> _Your task_
The output should be exactly the lines from the one containing "#227=CARTESIAN_POINT('',(65.,0.,9.));" through the last line of the records, and only those.

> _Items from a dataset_
- Opening Delimiter -

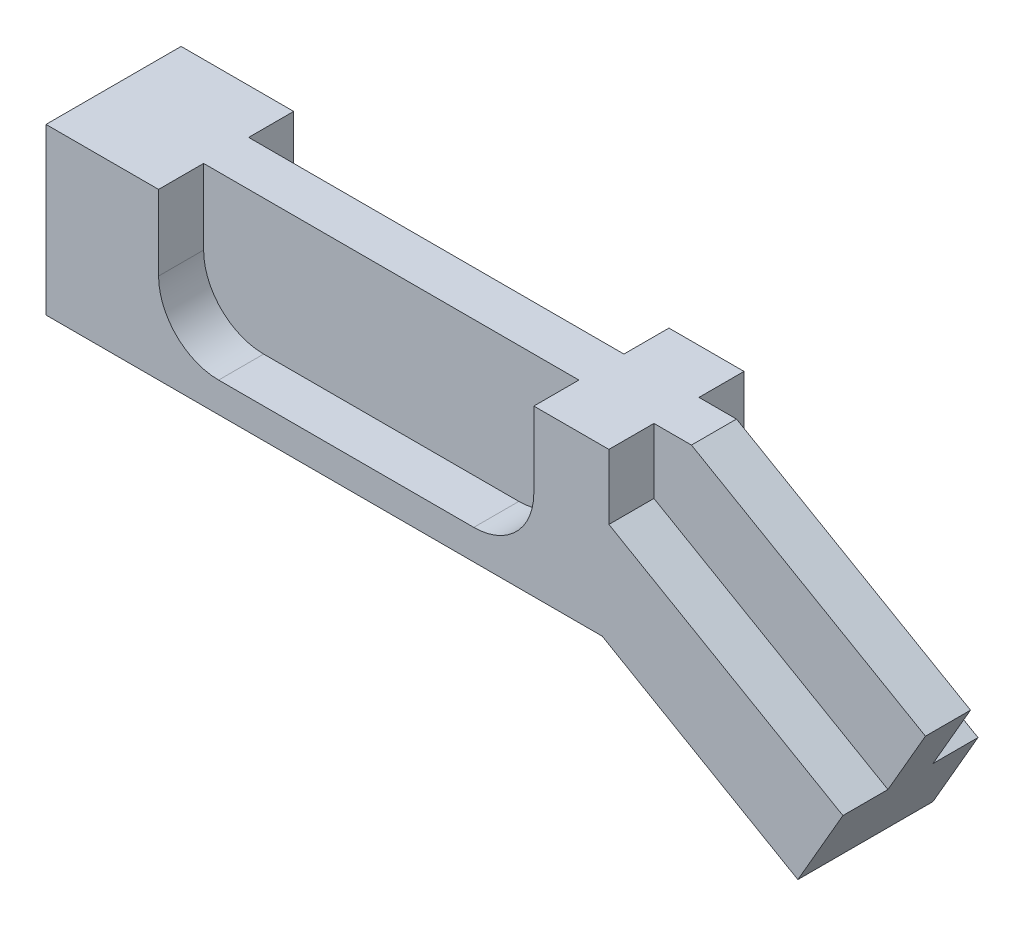
ISO-10303-21;
HEADER;
FILE_DESCRIPTION(('STEP AP214'),'2;1');
FILE_NAME('part.step','',(''),(''),'','','');
FILE_SCHEMA(('AUTOMOTIVE_DESIGN { 1 0 10303 214 1 1 1 1 }'));
ENDSEC;
DATA;
#1=APPLICATION_CONTEXT('core data for automotive mechanical design processes');
#2=APPLICATION_PROTOCOL_DEFINITION('international standard','automotive_design',2000,#1);
#3=PRODUCT_CONTEXT('',#1,'mechanical');
#4=PRODUCT('Part','Part','',(#3));
#5=PRODUCT_RELATED_PRODUCT_CATEGORY('part','',(#4));
#6=PRODUCT_DEFINITION_FORMATION('','',#4);
#7=PRODUCT_DEFINITION_CONTEXT('part definition',#1,'design');
#8=PRODUCT_DEFINITION('design','',#6,#7);
#9=PRODUCT_DEFINITION_SHAPE('','',#8);
#10=(LENGTH_UNIT() NAMED_UNIT(*) SI_UNIT(.MILLI.,.METRE.));
#11=(NAMED_UNIT(*) PLANE_ANGLE_UNIT() SI_UNIT($,.RADIAN.));
#12=(NAMED_UNIT(*) SI_UNIT($,.STERADIAN.) SOLID_ANGLE_UNIT());
#13=UNCERTAINTY_MEASURE_WITH_UNIT(LENGTH_MEASURE(1.E-05),#10,'distance_accuracy_value','');
#14=(GEOMETRIC_REPRESENTATION_CONTEXT(3) GLOBAL_UNCERTAINTY_ASSIGNED_CONTEXT((#13)) GLOBAL_UNIT_ASSIGNED_CONTEXT((#10,
#11,#12)) REPRESENTATION_CONTEXT('',''));
#15=CARTESIAN_POINT('',(0.,0.,0.));
#16=DIRECTION('',(0.,0.,1.));
#17=DIRECTION('',(1.,0.,0.));
#18=AXIS2_PLACEMENT_3D('',#15,#16,#17);
#19=CARTESIAN_POINT('',(15.0000000000001,25.9807621135332,9.));
#20=DIRECTION('',(-0.500000000000001,-0.866025403784438,0.));
#21=DIRECTION('',(0.866025403784438,-0.500000000000001,0.));
#22=AXIS2_PLACEMENT_3D('',#19,#20,#21);
#23=PLANE('',#22);
#24=DIRECTION('',(-0.866025403784438,0.500000000000001,0.));
#25=VECTOR('',#24,1.);
#26=CARTESIAN_POINT('',(15.0000000000001,25.9807621135332,-3.));
#27=LINE('',#26,#25);
#28=CARTESIAN_POINT('',(106.17691453624,-26.6602540378444,-3.));
#29=VERTEX_POINT('',#28);
#30=CARTESIAN_POINT('',(75.,-8.66025403784439,-3.));
#31=VERTEX_POINT('',#30);
#32=EDGE_CURVE('E462',#29,#31,#27,.T.);
#33=ORIENTED_EDGE('',*,*,#32,.F.);
#34=DIRECTION('',(0.,0.,-1.));
#35=VECTOR('',#34,1.);
#36=CARTESIAN_POINT('',(106.17691453624,-26.6602540378444,9.));
#37=LINE('',#36,#35);
#38=CARTESIAN_POINT('',(106.17691453624,-26.6602540378444,-9.));
#39=VERTEX_POINT('',#38);
#40=EDGE_CURVE('E222',#29,#39,#37,.T.);
#41=ORIENTED_EDGE('',*,*,#40,.T.);
#42=DIRECTION('',(-0.866025403784438,0.500000000000001,0.));
#43=VECTOR('',#42,1.);
#44=CARTESIAN_POINT('',(15.0000000000001,25.9807621135332,-9.));
#45=LINE('',#44,#43);
#46=CARTESIAN_POINT('',(75.,-8.66025403784439,-9.));
#47=VERTEX_POINT('',#46);
#48=EDGE_CURVE('E289',#39,#47,#45,.T.);
#49=ORIENTED_EDGE('',*,*,#48,.T.);
#50=DIRECTION('',(0.,0.,-1.));
#51=VECTOR('',#50,1.);
#52=CARTESIAN_POINT('',(75.,-8.66025403784439,9.));
#53=LINE('',#52,#51);
#54=EDGE_CURVE('E308',#31,#47,#53,.T.);
#55=ORIENTED_EDGE('',*,*,#54,.F.);
#56=EDGE_LOOP('',(#33,#41,#49,#55));
#57=FACE_BOUND('',#56,.T.);
#58=ADVANCED_FACE('F32',(#57),#23,.F.);
#59=CARTESIAN_POINT('',(75.,0.,9.));
#60=DIRECTION('',(1.,0.,0.));
#61=DIRECTION('',(0.,0.,-1.));
#62=AXIS2_PLACEMENT_3D('',#59,#60,#61);
#63=PLANE('',#62);
#64=DIRECTION('',(0.,0.,-1.));
#65=VECTOR('',#64,1.);
#66=CARTESIAN_POINT('',(75.,0.,9.));
#67=LINE('',#66,#65);
#68=CARTESIAN_POINT('',(75.,0.,-3.));
#69=VERTEX_POINT('',#68);
#70=CARTESIAN_POINT('',(75.,0.,-9.));
#71=VERTEX_POINT('',#70);
#72=EDGE_CURVE('E305',#69,#71,#67,.T.);
#73=ORIENTED_EDGE('',*,*,#72,.F.);
#74=DIRECTION('',(0.,-1.,0.));
#75=VECTOR('',#74,1.);
#76=CARTESIAN_POINT('',(75.,0.,-3.));
#77=LINE('',#76,#75);
#78=EDGE_CURVE('E206',#69,#31,#77,.T.);
#79=ORIENTED_EDGE('',*,*,#78,.T.);
#80=ORIENTED_EDGE('',*,*,#54,.T.);
#81=DIRECTION('',(0.,-1.,0.));
#82=VECTOR('',#81,1.);
#83=CARTESIAN_POINT('',(75.,0.,-9.));
#84=LINE('',#83,#82);
#85=EDGE_CURVE('E292',#71,#47,#84,.T.);
#86=ORIENTED_EDGE('',*,*,#85,.F.);
#87=EDGE_LOOP('',(#73,#79,#80,#86));
#88=FACE_BOUND('',#87,.T.);
#89=ADVANCED_FACE('F319',(#88),#63,.T.);
#90=CARTESIAN_POINT('',(57.,-10.,9.));
#91=DIRECTION('',(0.,0.,-1.));
#92=DIRECTION('',(-1.,0.,0.));
#93=AXIS2_PLACEMENT_3D('',#90,#91,#92);
#94=CYLINDRICAL_SURFACE('',#93,8.);
#95=DIRECTION('',(0.,0.,-1.));
#96=VECTOR('',#95,1.);
#97=CARTESIAN_POINT('',(56.9999999999999,-18.,9.));
#98=LINE('',#97,#96);
#99=CARTESIAN_POINT('',(56.9999999999999,-18.,-3.));
#100=VERTEX_POINT('',#99);
#101=CARTESIAN_POINT('',(56.9999999999999,-18.,-9.));
#102=VERTEX_POINT('',#101);
#103=EDGE_CURVE('E40',#100,#102,#98,.T.);
#104=ORIENTED_EDGE('',*,*,#103,.F.);
#105=CARTESIAN_POINT('',(57.,-10.,-3.));
#106=DIRECTION('',(0.,0.,1.));
#107=DIRECTION('',(1.,0.,0.));
#108=AXIS2_PLACEMENT_3D('',#105,#106,#107);
#109=CIRCLE('',#108,8.);
#110=CARTESIAN_POINT('',(65.,-9.99999999999994,-3.));
#111=VERTEX_POINT('',#110);
#112=EDGE_CURVE('E338',#100,#111,#109,.T.);
#113=ORIENTED_EDGE('',*,*,#112,.T.);
#114=DIRECTION('',(0.,0.,-1.));
#115=VECTOR('',#114,1.);
#116=CARTESIAN_POINT('',(65.,-9.99999999999994,9.));
#117=LINE('',#116,#115);
#118=CARTESIAN_POINT('',(65.,-9.99999999999994,-9.));
#119=VERTEX_POINT('',#118);
#120=EDGE_CURVE('E303',#111,#119,#117,.T.);
#121=ORIENTED_EDGE('',*,*,#120,.T.);
#122=CARTESIAN_POINT('',(57.,-10.,-9.));
#123=DIRECTION('',(0.,0.,1.));
#124=DIRECTION('',(1.,0.,0.));
#125=AXIS2_PLACEMENT_3D('',#122,#123,#124);
#126=CIRCLE('',#125,8.);
#127=EDGE_CURVE('E265',#102,#119,#126,.T.);
#128=ORIENTED_EDGE('',*,*,#127,.F.);
#129=EDGE_LOOP('',(#104,#113,#121,#128));
#130=FACE_BOUND('',#129,.T.);
#131=ADVANCED_FACE('F383',(#130),#94,.F.);
#132=CARTESIAN_POINT('',(0.,-18.,9.));
#133=DIRECTION('',(0.,1.,0.));
#134=DIRECTION('',(-1.,0.,0.));
#135=AXIS2_PLACEMENT_3D('',#132,#133,#134);
#136=PLANE('',#135);
#137=DIRECTION('',(0.,0.,-1.));
#138=VECTOR('',#137,1.);
#139=CARTESIAN_POINT('',(23.0000000000001,-18.,9.));
#140=LINE('',#139,#138);
#141=CARTESIAN_POINT('',(23.0000000000001,-18.,-3.));
#142=VERTEX_POINT('',#141);
#143=CARTESIAN_POINT('',(23.0000000000001,-18.,-9.));
#144=VERTEX_POINT('',#143);
#145=EDGE_CURVE('E243',#142,#144,#140,.T.);
#146=ORIENTED_EDGE('',*,*,#145,.F.);
#147=DIRECTION('',(1.,0.,0.));
#148=VECTOR('',#147,1.);
#149=CARTESIAN_POINT('',(0.,-18.,-3.));
#150=LINE('',#149,#148);
#151=EDGE_CURVE('E55',#142,#100,#150,.T.);
#152=ORIENTED_EDGE('',*,*,#151,.T.);
#153=ORIENTED_EDGE('',*,*,#103,.T.);
#154=DIRECTION('',(1.,0.,0.));
#155=VECTOR('',#154,1.);
#156=CARTESIAN_POINT('',(0.,-18.,-9.));
#157=LINE('',#156,#155);
#158=EDGE_CURVE('E260',#144,#102,#157,.T.);
#159=ORIENTED_EDGE('',*,*,#158,.F.);
#160=EDGE_LOOP('',(#146,#152,#153,#159));
#161=FACE_BOUND('',#160,.T.);
#162=ADVANCED_FACE('F261',(#161),#136,.T.);
#163=CARTESIAN_POINT('',(23.,-10.,9.));
#164=DIRECTION('',(0.,0.,-1.));
#165=DIRECTION('',(-1.,0.,0.));
#166=AXIS2_PLACEMENT_3D('',#163,#164,#165);
#167=CYLINDRICAL_SURFACE('',#166,8.);
#168=DIRECTION('',(0.,0.,-1.));
#169=VECTOR('',#168,1.);
#170=CARTESIAN_POINT('',(15.,-9.99999999999994,9.));
#171=LINE('',#170,#169);
#172=CARTESIAN_POINT('',(15.,-9.99999999999994,-3.));
#173=VERTEX_POINT('',#172);
#174=CARTESIAN_POINT('',(15.,-9.99999999999994,-9.));
#175=VERTEX_POINT('',#174);
#176=EDGE_CURVE('E240',#173,#175,#171,.T.);
#177=ORIENTED_EDGE('',*,*,#176,.F.);
#178=CARTESIAN_POINT('',(23.,-10.,-3.));
#179=DIRECTION('',(0.,0.,1.));
#180=DIRECTION('',(1.,0.,0.));
#181=AXIS2_PLACEMENT_3D('',#178,#179,#180);
#182=CIRCLE('',#181,8.);
#183=EDGE_CURVE('E258',#173,#142,#182,.T.);
#184=ORIENTED_EDGE('',*,*,#183,.T.);
#185=ORIENTED_EDGE('',*,*,#145,.T.);
#186=CARTESIAN_POINT('',(23.,-10.,-9.));
#187=DIRECTION('',(0.,0.,1.));
#188=DIRECTION('',(1.,0.,0.));
#189=AXIS2_PLACEMENT_3D('',#186,#187,#188);
#190=CIRCLE('',#189,8.);
#191=EDGE_CURVE('E255',#175,#144,#190,.T.);
#192=ORIENTED_EDGE('',*,*,#191,.F.);
#193=EDGE_LOOP('',(#177,#184,#185,#192));
#194=FACE_BOUND('',#193,.T.);
#195=ADVANCED_FACE('F253',(#194),#167,.F.);
#196=CARTESIAN_POINT('',(15.,0.,9.));
#197=DIRECTION('',(1.,0.,0.));
#198=DIRECTION('',(0.,1.,0.));
#199=AXIS2_PLACEMENT_3D('',#196,#197,#198);
#200=PLANE('',#199);
#201=DIRECTION('',(0.,0.,-1.));
#202=VECTOR('',#201,1.);
#203=CARTESIAN_POINT('',(15.,0.,9.));
#204=LINE('',#203,#202);
#205=CARTESIAN_POINT('',(15.,0.,-3.));
#206=VERTEX_POINT('',#205);
#207=CARTESIAN_POINT('',(15.,0.,-9.));
#208=VERTEX_POINT('',#207);
#209=EDGE_CURVE('E236',#206,#208,#204,.T.);
#210=ORIENTED_EDGE('',*,*,#209,.F.);
#211=DIRECTION('',(0.,-1.,0.));
#212=VECTOR('',#211,1.);
#213=CARTESIAN_POINT('',(15.,0.,-3.));
#214=LINE('',#213,#212);
#215=EDGE_CURVE('E335',#206,#173,#214,.T.);
#216=ORIENTED_EDGE('',*,*,#215,.T.);
#217=ORIENTED_EDGE('',*,*,#176,.T.);
#218=DIRECTION('',(0.,-1.,0.));
#219=VECTOR('',#218,1.);
#220=CARTESIAN_POINT('',(15.,0.,-9.));
#221=LINE('',#220,#219);
#222=EDGE_CURVE('E270',#208,#175,#221,.T.);
#223=ORIENTED_EDGE('',*,*,#222,.F.);
#224=EDGE_LOOP('',(#210,#216,#217,#223));
#225=FACE_BOUND('',#224,.T.);
#226=ADVANCED_FACE('F427',(#225),#200,.T.);
#227=CARTESIAN_POINT('',(65.,0.,9.));
#228=DIRECTION('',(1.,0.,0.));
#229=DIRECTION('',(0.,0.,-1.));
#230=AXIS2_PLACEMENT_3D('',#227,#228,#229);
#231=PLANE('',#230);
#232=DIRECTION('',(0.,-1.,0.));
#233=VECTOR('',#232,1.);
#234=CARTESIAN_POINT('',(65.,0.,-3.));
#235=LINE('',#234,#233);
#236=CARTESIAN_POINT('',(65.,0.,-3.));
#237=VERTEX_POINT('',#236);
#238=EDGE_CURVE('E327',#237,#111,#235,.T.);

- Closing Delimiter -

> _Solution to this exercise_
#227=CARTESIAN_POINT('',(65.,0.,9.));
#228=DIRECTION('',(1.,0.,0.));
#229=DIRECTION('',(0.,0.,-1.));
#230=AXIS2_PLACEMENT_3D('',#227,#228,#229);
#231=PLANE('',#230);
#232=DIRECTION('',(0.,-1.,0.));
#233=VECTOR('',#232,1.);
#234=CARTESIAN_POINT('',(65.,0.,-3.));
#235=LINE('',#234,#233);
#236=CARTESIAN_POINT('',(65.,0.,-3.));
#237=VERTEX_POINT('',#236);
#238=EDGE_CURVE('E327',#237,#111,#235,.T.);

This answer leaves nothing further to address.